*WHAT YOU HAVE TO DO:* Your response should be every line from the entries that includes the string "mechanical".

□ □ □

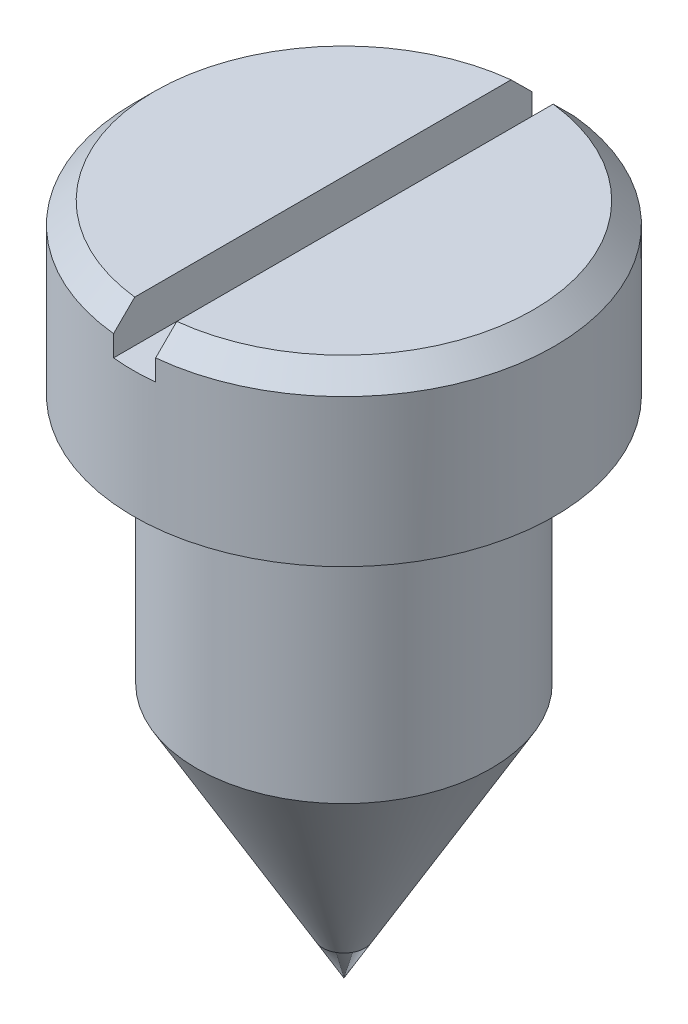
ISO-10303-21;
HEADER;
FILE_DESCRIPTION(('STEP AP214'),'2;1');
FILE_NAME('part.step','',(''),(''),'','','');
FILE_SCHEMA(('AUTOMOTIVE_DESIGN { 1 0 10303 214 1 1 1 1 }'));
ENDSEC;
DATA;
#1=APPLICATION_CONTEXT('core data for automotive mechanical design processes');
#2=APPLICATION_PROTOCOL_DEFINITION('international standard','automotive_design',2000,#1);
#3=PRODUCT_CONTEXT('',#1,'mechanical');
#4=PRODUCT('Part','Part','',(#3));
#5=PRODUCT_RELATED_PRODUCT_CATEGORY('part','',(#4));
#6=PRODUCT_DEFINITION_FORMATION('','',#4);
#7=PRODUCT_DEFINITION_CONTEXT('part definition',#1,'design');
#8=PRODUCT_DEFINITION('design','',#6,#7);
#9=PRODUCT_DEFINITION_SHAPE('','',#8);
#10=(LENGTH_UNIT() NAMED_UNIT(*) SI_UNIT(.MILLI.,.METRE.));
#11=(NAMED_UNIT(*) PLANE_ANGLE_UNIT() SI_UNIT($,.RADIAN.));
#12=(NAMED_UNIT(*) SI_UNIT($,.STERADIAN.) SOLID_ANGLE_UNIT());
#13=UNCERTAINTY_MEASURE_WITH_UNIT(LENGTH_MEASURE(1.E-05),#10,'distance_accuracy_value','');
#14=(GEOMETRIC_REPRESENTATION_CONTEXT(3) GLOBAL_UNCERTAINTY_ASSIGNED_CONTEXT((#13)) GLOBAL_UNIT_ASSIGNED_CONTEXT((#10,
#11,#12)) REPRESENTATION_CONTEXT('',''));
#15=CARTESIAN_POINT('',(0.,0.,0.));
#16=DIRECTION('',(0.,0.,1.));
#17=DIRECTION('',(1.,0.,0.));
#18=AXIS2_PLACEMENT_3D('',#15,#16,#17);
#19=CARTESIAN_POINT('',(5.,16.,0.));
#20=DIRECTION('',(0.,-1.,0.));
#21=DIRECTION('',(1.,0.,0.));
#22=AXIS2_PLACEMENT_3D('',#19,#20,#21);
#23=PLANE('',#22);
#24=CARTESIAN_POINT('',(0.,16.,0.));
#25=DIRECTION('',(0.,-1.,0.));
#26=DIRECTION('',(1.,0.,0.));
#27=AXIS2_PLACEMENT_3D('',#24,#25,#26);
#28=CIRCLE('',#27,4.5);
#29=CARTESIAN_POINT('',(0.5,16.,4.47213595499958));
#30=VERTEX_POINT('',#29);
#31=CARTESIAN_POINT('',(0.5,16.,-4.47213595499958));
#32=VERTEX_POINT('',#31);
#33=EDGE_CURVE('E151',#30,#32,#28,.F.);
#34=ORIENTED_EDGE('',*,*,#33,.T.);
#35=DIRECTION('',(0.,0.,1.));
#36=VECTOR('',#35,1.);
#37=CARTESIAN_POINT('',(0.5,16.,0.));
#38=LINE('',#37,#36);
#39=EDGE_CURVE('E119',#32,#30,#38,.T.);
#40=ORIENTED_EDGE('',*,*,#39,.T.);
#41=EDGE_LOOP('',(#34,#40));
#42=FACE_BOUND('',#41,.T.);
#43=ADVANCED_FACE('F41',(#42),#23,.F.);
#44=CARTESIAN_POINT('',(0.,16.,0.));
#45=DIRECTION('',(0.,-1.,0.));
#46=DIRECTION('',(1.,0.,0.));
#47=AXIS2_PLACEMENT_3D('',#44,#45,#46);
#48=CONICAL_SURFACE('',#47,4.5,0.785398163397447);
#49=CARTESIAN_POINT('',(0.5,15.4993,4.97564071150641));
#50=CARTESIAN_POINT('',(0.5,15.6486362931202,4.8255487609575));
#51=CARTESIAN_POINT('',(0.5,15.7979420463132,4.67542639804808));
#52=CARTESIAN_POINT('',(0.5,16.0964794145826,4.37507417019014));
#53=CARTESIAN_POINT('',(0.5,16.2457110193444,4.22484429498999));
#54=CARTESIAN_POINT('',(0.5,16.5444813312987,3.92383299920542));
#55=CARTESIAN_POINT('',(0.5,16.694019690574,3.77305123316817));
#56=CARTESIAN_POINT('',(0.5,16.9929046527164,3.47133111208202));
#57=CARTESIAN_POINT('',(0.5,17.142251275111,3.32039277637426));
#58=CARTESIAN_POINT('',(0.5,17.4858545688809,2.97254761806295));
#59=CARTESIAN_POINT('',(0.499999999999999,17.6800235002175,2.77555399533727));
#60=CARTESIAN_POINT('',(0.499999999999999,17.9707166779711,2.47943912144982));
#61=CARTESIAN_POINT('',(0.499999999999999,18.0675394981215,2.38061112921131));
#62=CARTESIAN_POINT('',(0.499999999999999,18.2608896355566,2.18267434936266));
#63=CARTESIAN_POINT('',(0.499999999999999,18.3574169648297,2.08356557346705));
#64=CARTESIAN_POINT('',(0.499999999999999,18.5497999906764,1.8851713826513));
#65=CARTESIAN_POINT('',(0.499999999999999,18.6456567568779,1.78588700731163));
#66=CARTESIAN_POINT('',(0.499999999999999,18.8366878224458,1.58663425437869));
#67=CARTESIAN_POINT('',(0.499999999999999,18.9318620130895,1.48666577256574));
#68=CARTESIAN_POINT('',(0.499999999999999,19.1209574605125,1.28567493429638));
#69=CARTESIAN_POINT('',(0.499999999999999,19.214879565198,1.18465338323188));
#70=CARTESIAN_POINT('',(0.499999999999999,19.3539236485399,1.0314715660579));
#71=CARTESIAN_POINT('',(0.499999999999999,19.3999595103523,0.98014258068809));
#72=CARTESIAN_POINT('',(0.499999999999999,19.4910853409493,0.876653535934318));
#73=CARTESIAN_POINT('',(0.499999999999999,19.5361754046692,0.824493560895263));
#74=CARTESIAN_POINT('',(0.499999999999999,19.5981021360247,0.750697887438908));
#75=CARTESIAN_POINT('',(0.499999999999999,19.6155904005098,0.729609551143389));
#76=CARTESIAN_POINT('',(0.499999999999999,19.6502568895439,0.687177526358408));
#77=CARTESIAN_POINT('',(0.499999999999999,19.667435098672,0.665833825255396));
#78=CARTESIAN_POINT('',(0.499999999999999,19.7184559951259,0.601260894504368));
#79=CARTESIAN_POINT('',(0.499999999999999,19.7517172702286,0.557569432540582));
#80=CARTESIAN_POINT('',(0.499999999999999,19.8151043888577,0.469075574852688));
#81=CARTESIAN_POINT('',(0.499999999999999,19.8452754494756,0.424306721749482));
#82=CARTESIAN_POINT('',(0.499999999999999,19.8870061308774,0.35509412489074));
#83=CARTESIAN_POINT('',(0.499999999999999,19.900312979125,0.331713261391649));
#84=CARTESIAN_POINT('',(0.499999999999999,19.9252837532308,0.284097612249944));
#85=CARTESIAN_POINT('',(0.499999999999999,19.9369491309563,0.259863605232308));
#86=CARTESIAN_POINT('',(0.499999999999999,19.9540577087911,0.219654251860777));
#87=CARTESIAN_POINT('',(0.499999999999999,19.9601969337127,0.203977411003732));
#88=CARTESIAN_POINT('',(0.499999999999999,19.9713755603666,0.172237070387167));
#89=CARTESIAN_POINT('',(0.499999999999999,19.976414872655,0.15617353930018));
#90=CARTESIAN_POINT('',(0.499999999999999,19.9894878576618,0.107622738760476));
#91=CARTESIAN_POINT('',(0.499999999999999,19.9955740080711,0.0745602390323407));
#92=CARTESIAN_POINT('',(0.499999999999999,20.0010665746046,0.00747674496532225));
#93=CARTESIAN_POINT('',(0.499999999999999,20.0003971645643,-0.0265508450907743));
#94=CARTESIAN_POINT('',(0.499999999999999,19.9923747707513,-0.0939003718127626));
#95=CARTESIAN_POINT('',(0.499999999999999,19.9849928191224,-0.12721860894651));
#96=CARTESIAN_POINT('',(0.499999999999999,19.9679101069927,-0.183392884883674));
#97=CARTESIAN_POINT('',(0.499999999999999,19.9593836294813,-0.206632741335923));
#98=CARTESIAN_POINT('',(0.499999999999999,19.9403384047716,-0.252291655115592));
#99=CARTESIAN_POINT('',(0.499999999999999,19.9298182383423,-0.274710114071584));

□ □ □

*WRITTEN ANSWER:*
#1=APPLICATION_CONTEXT('core data for automotive mechanical design processes');
#3=PRODUCT_CONTEXT('',#1,'mechanical');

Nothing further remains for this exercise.